Mutual funds are an investment fund that pools in money from various individual and institutional investors into one large giant fund that is managed by a financial expert or a team of professionals with a single objective in mind. These objectives differ in the range from low to high risk, fixed or flexible tenure, high to low liquidity, or even fixed investments like hedges or government projects. One such mutual fund is a money market fund. These funds focus on high liquidity, and low risk and are usually applied to cash-related investments or very short term commitments like government treasury bonds. These are generally handled by a private or semi-government financial investment company and share its objectives and plans with the public openly.

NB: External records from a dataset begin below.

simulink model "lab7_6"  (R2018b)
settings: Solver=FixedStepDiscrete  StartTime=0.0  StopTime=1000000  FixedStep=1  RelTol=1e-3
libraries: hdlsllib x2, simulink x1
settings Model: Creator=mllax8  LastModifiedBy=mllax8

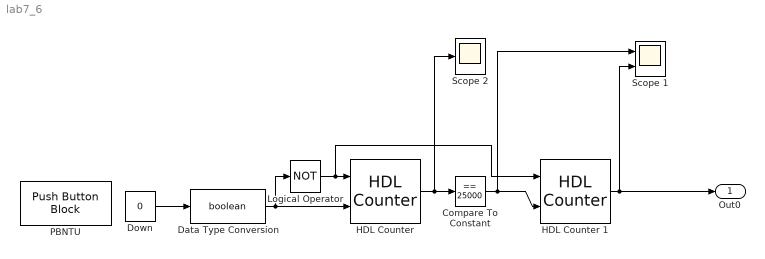
== system lab7_6 ==
  Compare To Constant : simulink/Logic and Bit Operations/Compare To Constant  relop===  const=25000  OutDataTypeStr=boolean
  Data Type Conversion : DataTypeConversion  OutDataTypeStr=boolean
  Down : Constant  Value=0
  "HDL Counter " : hdlsllib/Sources/HDL Counter  CountType=Count limited  CountInit=0  CountStep=1  CountMax=100000  CountFromType=Initial value  CountFrom=0  CountResetPort=on  CountLoadPort=off  CountEnbPort=on  CountDirPort=off  CountDataType=Unsigned  CountWordLen=18  CountFracLen=0  CountSampTime=1
      settings: SourceProductBaseCode=HD
  HDL Counter 1 : hdlsllib/Sources/HDL Counter  CountType=Free running  CountInit=0  CountStep=1  CountMax=25  CountFromType=Initial value  CountFrom=0  CountResetPort=on  CountLoadPort=off  CountEnbPort=on  CountDirPort=off  CountDataType=Unsigned  CountWordLen=1  CountFracLen=0  CountSampTime=1
      settings: SourceProductBaseCode=HD
  Logical Operator : Logic  Operator=NOT  AllPortsSameDT=off  OutDataTypeStr=boolean
  PBNTU : PushButtonBlock  WebBlockId=91
  Scope 1 : Scope  NumInputPorts=2
  Scope 2 : Scope
  Out0 : Outport
  wires:
  "HDL Counter "/1 -> Scope 2/1, Compare To Constant/1
  Compare To Constant/1 -> HDL Counter 1/2, Scope 1/1
  Logical Operator/1 -> HDL Counter 1/1, "HDL Counter "/1
  Data Type Conversion/1 -> "HDL Counter "/2, Logical Operator/1
  HDL Counter 1/1 -> Scope 1/2, Out0/1
  Down/1 -> Data Type Conversion/1

Classification of Money market funds
As money market funds have low risk, and high liquidity objectives, there are a limited number of instruments in which these funds can invest. Based on the product being invested in, these funds are categorized into 3 types.- Prime Money Fund – Funds that deal only in floating rate debt funds and commercial papers like exchange-traded funds
- Government money funds – As the name suggests government securities and cash transactions are covered under this fund
- Treasury fund – Debt securities like bills, bonds and notes are the only instruments utilized under treasury money market funds. They are also known as municipal funds.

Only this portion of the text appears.